Despite achieving model convergence via multi-round collaborative training, substantial parameter divergence persists across participating nodes in federated learning frameworks, primarily attributed to statistical heterogeneity inherent in client-specific data distributions. Nevertheless, the private WN layer in PFL effectively preserves the unique characteristics of each client, allowing for the tailoring of a proprietary personalized model based on the specific attributes of local data. This, in turn, helps to maintain the prediction error within an acceptable range for all parties involved. When compared to the global model, the personalized model exhibits a 9.79% reduction in MAPE and a 7.06 kW decrease in RMSE. For clients with significant deviations in data features, the MAPE reduction can reach up to 18.07%.

7. Conclusions

This paper proposes a distributed photovoltaic power prediction method based on personalized federated learning. The PFL collaborative training prediction model is adopted to solve the problems of poor generalization ability and the low accuracy of prediction models caused by a high non-IID of photovoltaic data in a distributed environment. The PFL with a multi-task strategy improves the adaptability of the model by training a separate personalized model. At the same time, by improving the parallel pool structure of the TCN and introducing the attention mechanism CBAMnet, the photovoltaic power prediction model is established to improve the efficiency and accuracy of capturing multi-scale time series features. Lastly, the practicality and efficacy of the proposed methodology are substantiated through experimental analysis conducted on real DPV power data. Compared with the traditional prediction method and single TCN prediction method, the proposed CBAM-iTCN is 45.06% and 42.16% lower than LSTM, MAE, and RMSE. In the real DPV prediction scenarios, the PFL-iTCN algorithm achieves an overall reduction of 9.79% in the MAPE of the predicted values, and for photovoltaic power plants with large data feature deviation, the MAPE is reduced by 18.07%. Experiments show that the proposed scheme can improve the model accuracy in a DPV environment.

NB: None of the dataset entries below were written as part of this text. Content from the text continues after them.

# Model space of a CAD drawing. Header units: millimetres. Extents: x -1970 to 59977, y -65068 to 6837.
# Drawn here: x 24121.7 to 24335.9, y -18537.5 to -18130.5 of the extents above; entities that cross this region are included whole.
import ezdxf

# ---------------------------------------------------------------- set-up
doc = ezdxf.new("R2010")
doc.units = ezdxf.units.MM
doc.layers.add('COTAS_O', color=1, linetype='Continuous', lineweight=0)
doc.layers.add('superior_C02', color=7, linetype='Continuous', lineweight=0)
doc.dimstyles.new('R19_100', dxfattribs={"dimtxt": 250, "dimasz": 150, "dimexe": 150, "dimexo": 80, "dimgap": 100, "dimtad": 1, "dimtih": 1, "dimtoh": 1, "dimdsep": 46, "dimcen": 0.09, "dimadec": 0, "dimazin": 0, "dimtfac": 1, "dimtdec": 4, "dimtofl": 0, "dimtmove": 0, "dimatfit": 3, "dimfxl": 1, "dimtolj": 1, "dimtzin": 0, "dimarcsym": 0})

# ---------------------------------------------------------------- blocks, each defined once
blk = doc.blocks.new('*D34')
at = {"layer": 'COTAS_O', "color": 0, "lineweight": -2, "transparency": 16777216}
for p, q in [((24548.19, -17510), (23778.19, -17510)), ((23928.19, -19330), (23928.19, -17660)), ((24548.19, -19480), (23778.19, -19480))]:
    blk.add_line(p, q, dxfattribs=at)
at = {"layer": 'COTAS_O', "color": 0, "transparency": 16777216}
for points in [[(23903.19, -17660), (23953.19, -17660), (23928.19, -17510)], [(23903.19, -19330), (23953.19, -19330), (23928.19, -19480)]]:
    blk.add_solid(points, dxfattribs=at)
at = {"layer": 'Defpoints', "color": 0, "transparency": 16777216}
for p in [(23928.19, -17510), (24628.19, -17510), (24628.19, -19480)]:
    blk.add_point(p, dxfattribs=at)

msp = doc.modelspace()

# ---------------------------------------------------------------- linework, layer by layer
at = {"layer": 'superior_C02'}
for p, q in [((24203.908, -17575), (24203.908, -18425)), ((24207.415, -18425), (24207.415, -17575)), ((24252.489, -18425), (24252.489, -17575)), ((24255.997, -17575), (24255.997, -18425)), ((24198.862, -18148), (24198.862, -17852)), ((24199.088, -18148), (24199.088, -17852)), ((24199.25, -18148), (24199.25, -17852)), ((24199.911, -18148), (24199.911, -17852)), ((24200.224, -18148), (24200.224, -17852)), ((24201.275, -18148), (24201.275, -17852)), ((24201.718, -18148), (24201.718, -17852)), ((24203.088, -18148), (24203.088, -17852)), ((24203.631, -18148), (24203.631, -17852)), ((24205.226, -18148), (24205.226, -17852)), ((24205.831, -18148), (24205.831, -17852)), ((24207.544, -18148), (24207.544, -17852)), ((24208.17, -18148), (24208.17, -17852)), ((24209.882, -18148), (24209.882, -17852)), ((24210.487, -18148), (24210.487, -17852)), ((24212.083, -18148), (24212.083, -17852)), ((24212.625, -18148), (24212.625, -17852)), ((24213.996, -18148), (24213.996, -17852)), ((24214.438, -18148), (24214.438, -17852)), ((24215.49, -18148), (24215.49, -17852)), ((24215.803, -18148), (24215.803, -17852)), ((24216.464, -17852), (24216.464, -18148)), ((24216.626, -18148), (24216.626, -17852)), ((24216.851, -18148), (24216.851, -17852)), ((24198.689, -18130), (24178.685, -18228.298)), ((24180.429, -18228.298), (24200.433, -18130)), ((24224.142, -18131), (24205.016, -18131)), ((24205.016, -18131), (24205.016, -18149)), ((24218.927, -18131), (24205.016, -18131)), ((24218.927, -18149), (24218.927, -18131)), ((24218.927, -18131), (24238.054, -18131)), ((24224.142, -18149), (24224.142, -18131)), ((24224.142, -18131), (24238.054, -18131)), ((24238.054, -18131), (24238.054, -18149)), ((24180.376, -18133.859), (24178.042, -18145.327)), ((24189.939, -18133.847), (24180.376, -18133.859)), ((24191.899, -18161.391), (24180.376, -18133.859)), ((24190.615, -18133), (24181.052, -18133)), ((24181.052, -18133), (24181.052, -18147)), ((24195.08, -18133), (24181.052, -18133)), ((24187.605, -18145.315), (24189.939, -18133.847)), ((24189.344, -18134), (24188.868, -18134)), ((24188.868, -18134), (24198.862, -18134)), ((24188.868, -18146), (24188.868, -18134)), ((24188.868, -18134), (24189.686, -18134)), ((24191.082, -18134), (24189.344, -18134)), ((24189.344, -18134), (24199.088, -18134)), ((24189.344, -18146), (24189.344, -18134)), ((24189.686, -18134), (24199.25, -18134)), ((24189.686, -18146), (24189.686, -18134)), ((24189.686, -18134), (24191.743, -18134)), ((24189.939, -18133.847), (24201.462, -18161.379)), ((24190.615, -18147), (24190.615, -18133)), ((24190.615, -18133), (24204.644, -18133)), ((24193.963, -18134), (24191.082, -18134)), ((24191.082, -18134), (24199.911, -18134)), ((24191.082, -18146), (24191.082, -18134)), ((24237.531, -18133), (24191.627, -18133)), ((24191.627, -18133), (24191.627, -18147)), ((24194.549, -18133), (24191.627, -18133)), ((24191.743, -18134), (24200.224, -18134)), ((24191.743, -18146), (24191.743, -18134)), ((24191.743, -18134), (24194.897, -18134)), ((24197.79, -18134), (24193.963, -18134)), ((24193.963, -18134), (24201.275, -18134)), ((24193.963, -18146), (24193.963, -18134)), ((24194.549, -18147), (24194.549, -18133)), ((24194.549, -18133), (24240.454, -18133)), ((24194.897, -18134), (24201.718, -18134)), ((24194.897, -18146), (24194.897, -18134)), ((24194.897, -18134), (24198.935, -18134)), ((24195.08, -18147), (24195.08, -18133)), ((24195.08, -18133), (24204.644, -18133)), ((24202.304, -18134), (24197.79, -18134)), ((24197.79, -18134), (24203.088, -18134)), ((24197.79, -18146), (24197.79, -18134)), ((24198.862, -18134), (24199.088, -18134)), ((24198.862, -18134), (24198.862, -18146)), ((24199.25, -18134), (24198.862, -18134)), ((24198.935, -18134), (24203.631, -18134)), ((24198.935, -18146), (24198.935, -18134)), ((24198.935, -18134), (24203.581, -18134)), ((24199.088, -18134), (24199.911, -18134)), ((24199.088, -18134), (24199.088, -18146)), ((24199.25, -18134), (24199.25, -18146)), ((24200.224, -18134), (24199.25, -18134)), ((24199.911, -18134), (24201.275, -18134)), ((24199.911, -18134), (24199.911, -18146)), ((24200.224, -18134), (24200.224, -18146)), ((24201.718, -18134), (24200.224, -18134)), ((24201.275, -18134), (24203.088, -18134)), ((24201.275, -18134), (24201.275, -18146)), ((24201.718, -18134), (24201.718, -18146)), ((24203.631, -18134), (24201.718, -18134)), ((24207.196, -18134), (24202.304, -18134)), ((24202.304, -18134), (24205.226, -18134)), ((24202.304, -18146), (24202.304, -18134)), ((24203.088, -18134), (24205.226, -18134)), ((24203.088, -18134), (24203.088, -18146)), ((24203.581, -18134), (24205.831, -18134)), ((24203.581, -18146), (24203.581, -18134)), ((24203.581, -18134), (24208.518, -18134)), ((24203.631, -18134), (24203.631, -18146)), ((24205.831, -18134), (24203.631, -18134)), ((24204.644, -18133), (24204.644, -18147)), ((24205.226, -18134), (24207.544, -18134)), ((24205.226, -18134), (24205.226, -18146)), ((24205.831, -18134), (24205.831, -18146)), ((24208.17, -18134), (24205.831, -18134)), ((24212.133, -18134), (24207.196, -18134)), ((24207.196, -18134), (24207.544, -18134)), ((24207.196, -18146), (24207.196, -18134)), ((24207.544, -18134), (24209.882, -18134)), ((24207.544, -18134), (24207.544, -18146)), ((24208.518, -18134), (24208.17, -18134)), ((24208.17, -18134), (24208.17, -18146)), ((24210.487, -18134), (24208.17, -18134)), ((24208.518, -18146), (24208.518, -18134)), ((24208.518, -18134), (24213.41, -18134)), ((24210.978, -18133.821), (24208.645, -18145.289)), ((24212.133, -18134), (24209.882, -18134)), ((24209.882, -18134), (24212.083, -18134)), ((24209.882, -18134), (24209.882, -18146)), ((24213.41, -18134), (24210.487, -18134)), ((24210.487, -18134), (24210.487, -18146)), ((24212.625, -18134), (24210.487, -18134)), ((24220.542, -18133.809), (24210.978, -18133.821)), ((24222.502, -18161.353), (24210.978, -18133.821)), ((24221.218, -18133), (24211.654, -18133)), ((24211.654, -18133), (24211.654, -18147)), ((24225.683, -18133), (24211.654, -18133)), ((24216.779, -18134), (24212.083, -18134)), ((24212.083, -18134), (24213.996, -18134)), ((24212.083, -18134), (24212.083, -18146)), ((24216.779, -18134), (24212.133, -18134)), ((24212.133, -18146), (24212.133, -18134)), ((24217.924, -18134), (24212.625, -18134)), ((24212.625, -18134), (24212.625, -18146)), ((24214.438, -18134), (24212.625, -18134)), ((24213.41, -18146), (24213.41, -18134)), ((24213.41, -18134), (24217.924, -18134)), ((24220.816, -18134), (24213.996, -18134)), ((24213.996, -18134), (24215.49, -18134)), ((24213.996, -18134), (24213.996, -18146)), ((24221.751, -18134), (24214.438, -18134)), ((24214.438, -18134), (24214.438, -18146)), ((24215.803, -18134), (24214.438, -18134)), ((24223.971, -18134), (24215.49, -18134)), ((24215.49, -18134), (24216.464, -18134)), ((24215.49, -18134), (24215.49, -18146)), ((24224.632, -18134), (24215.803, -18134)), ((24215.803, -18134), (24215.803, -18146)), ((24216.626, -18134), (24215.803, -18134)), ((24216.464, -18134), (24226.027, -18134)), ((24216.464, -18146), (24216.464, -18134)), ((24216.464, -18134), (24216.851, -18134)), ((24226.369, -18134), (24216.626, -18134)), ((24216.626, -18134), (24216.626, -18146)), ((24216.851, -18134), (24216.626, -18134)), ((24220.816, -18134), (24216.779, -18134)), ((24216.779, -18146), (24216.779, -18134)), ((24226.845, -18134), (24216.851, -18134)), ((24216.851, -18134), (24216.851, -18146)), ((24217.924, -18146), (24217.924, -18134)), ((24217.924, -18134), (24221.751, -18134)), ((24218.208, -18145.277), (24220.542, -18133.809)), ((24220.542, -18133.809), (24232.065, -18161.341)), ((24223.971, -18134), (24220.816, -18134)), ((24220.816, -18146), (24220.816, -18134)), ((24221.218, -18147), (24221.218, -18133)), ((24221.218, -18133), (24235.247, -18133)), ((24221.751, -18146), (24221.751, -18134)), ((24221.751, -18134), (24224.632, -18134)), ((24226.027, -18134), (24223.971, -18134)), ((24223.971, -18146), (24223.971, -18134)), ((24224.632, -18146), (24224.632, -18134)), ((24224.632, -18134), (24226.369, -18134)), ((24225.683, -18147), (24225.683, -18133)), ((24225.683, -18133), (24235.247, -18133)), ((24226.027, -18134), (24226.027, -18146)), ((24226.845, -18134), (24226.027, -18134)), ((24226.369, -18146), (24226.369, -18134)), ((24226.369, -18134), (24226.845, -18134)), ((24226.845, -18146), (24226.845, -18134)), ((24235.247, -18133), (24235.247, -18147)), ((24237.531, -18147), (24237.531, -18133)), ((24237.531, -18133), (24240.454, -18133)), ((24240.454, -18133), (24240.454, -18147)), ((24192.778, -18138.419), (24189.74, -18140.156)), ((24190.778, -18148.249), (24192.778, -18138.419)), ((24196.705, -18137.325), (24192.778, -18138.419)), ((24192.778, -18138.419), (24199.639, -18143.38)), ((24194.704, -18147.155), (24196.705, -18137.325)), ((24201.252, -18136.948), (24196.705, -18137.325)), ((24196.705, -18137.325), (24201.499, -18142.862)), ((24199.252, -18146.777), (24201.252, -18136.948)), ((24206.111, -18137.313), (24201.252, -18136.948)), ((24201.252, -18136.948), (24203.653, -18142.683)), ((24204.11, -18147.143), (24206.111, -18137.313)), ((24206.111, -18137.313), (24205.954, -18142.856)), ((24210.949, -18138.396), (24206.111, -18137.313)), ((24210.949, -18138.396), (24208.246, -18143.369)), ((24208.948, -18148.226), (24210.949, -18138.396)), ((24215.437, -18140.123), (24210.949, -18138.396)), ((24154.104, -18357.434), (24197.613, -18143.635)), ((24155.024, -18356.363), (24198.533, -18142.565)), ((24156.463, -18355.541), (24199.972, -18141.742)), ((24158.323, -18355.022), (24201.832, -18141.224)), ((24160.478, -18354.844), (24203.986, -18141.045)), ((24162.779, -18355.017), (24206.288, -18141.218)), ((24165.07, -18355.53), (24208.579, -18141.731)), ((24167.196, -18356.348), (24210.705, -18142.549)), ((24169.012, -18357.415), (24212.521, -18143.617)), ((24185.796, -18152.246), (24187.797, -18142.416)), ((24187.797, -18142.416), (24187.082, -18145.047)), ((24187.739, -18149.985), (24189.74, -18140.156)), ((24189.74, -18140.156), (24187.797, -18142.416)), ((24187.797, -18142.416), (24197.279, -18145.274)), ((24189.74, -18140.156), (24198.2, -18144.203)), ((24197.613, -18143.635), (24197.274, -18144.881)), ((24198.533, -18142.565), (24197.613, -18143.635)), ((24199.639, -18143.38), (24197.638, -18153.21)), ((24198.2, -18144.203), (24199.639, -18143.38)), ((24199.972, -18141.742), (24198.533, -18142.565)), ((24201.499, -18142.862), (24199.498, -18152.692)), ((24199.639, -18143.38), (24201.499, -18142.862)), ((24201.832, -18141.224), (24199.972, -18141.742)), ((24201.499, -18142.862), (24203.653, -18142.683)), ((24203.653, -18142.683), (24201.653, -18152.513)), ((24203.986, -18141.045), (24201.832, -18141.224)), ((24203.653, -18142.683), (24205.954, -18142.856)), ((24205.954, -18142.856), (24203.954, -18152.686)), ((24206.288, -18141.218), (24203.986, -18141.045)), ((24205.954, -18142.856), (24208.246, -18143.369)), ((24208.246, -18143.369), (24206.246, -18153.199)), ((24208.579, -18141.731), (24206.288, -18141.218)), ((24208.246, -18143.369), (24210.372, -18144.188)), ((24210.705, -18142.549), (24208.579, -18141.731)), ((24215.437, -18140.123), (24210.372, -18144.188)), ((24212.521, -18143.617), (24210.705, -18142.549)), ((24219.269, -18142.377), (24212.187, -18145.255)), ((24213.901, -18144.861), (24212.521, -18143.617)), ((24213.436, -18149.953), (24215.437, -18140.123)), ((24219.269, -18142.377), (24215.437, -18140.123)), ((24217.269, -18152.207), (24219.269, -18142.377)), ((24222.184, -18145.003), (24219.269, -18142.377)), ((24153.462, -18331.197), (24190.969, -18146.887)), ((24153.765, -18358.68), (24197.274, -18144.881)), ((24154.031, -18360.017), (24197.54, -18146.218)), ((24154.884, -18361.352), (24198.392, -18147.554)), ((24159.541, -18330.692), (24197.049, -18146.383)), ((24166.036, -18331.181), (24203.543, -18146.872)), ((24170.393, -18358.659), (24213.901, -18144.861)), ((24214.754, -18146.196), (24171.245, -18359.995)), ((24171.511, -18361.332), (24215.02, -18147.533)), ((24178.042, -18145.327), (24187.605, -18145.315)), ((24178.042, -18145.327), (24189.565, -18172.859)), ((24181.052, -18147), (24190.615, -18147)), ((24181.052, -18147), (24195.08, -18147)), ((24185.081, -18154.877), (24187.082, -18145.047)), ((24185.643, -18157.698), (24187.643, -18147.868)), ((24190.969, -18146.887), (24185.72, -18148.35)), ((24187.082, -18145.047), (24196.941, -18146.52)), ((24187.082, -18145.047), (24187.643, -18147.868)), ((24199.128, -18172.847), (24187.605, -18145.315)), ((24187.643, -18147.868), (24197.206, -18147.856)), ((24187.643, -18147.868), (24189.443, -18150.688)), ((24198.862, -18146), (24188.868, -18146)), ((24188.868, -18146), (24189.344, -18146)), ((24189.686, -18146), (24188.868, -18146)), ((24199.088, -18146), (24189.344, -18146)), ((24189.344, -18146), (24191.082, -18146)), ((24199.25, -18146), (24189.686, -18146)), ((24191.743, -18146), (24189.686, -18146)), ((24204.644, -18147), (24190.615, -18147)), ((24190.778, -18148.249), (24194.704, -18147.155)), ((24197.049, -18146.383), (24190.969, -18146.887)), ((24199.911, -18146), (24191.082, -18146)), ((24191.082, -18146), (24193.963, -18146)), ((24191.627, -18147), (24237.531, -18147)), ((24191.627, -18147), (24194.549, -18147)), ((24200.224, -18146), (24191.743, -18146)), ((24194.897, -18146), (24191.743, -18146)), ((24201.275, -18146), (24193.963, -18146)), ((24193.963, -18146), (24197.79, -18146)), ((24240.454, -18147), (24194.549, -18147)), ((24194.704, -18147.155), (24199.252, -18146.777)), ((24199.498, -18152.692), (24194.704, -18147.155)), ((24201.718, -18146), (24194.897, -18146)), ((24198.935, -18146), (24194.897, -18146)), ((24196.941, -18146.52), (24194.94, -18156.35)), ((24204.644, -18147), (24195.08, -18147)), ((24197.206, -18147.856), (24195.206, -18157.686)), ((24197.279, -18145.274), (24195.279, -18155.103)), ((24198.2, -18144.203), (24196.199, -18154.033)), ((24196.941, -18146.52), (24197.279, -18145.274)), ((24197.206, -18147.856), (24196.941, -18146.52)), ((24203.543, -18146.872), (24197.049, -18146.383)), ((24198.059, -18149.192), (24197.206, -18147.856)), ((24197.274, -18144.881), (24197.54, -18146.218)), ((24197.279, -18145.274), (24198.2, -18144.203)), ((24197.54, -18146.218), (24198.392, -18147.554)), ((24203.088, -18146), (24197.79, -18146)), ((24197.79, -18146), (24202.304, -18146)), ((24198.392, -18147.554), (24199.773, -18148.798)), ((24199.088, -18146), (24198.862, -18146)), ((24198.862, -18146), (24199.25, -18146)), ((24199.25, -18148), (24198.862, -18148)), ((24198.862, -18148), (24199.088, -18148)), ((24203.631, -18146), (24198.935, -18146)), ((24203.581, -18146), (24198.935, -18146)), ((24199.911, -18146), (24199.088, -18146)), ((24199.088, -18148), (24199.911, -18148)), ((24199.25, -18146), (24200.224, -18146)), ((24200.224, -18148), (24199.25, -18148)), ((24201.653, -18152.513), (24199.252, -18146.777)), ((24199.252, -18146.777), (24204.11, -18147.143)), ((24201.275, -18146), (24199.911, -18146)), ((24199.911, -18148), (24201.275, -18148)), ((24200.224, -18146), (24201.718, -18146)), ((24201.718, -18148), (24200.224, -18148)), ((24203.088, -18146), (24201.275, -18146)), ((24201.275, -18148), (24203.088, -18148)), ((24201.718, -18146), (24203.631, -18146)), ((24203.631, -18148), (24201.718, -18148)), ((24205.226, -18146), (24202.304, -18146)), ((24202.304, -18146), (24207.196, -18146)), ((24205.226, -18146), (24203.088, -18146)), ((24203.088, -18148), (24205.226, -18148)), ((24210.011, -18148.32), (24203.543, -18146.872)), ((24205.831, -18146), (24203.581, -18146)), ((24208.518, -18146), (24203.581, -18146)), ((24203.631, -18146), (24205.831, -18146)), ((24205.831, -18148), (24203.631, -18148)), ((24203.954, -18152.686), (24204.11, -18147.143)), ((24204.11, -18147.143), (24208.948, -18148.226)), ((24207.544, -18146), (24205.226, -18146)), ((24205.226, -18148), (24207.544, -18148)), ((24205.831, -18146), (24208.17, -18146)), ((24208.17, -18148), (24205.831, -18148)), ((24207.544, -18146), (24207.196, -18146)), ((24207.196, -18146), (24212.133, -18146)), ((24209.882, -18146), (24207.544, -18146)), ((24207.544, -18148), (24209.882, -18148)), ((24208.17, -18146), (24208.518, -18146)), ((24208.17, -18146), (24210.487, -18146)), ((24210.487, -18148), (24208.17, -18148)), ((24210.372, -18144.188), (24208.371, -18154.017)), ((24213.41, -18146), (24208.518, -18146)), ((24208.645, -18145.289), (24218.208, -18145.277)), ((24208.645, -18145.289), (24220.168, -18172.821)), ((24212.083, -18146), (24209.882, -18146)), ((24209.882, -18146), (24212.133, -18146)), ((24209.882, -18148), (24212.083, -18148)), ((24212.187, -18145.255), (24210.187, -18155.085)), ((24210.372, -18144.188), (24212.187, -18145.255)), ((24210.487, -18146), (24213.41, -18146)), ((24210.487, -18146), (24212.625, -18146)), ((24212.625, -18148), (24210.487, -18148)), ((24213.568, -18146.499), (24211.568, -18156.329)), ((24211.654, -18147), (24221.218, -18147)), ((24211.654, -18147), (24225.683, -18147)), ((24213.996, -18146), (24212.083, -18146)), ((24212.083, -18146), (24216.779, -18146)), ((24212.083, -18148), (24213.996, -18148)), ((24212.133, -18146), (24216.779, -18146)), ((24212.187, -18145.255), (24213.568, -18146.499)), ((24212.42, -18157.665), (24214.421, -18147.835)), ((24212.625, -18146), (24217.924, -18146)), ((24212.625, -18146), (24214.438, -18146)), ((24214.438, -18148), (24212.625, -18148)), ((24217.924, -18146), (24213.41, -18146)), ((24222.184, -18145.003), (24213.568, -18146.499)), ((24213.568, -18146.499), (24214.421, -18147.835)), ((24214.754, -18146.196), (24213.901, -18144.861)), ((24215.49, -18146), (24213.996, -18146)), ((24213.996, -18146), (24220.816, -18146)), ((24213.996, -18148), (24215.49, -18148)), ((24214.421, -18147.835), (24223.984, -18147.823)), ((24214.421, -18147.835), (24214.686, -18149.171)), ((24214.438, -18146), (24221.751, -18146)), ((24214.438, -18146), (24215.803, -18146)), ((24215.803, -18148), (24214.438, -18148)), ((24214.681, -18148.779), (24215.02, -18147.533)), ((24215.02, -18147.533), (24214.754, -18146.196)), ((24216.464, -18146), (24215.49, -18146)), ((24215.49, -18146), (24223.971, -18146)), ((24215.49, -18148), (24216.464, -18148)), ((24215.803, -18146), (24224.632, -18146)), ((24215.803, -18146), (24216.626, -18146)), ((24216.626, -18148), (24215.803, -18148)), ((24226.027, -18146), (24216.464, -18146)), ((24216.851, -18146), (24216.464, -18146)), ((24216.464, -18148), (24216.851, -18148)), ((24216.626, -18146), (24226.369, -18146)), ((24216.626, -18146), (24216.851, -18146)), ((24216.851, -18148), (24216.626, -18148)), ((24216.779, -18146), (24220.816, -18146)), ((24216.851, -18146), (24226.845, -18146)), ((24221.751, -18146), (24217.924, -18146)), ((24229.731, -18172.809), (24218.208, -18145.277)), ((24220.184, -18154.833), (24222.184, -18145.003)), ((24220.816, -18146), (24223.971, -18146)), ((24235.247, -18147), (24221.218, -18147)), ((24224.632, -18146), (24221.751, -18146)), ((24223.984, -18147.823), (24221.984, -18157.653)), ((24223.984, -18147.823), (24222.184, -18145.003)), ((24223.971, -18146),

However, this paper does not consider the model’s performance when there is significant noise in highly heterogeneous data or meteorological data and ignores the prediction time and cost while improving the prediction accuracy. Therefore, how to improve the forecasting performance of newly built photovoltaic power plants with few samples is one of the key research directions in the future. In the future, this research can be further expanded in the following aspects:

(1)

Improve the personalized federated learning algorithm to reduce computational cost;

(2)

Enhance the generalization ability of federated learning to highly heterogeneous environments or noise data;

(3)

Introduce continuous learning strategies and update model parameters regularly.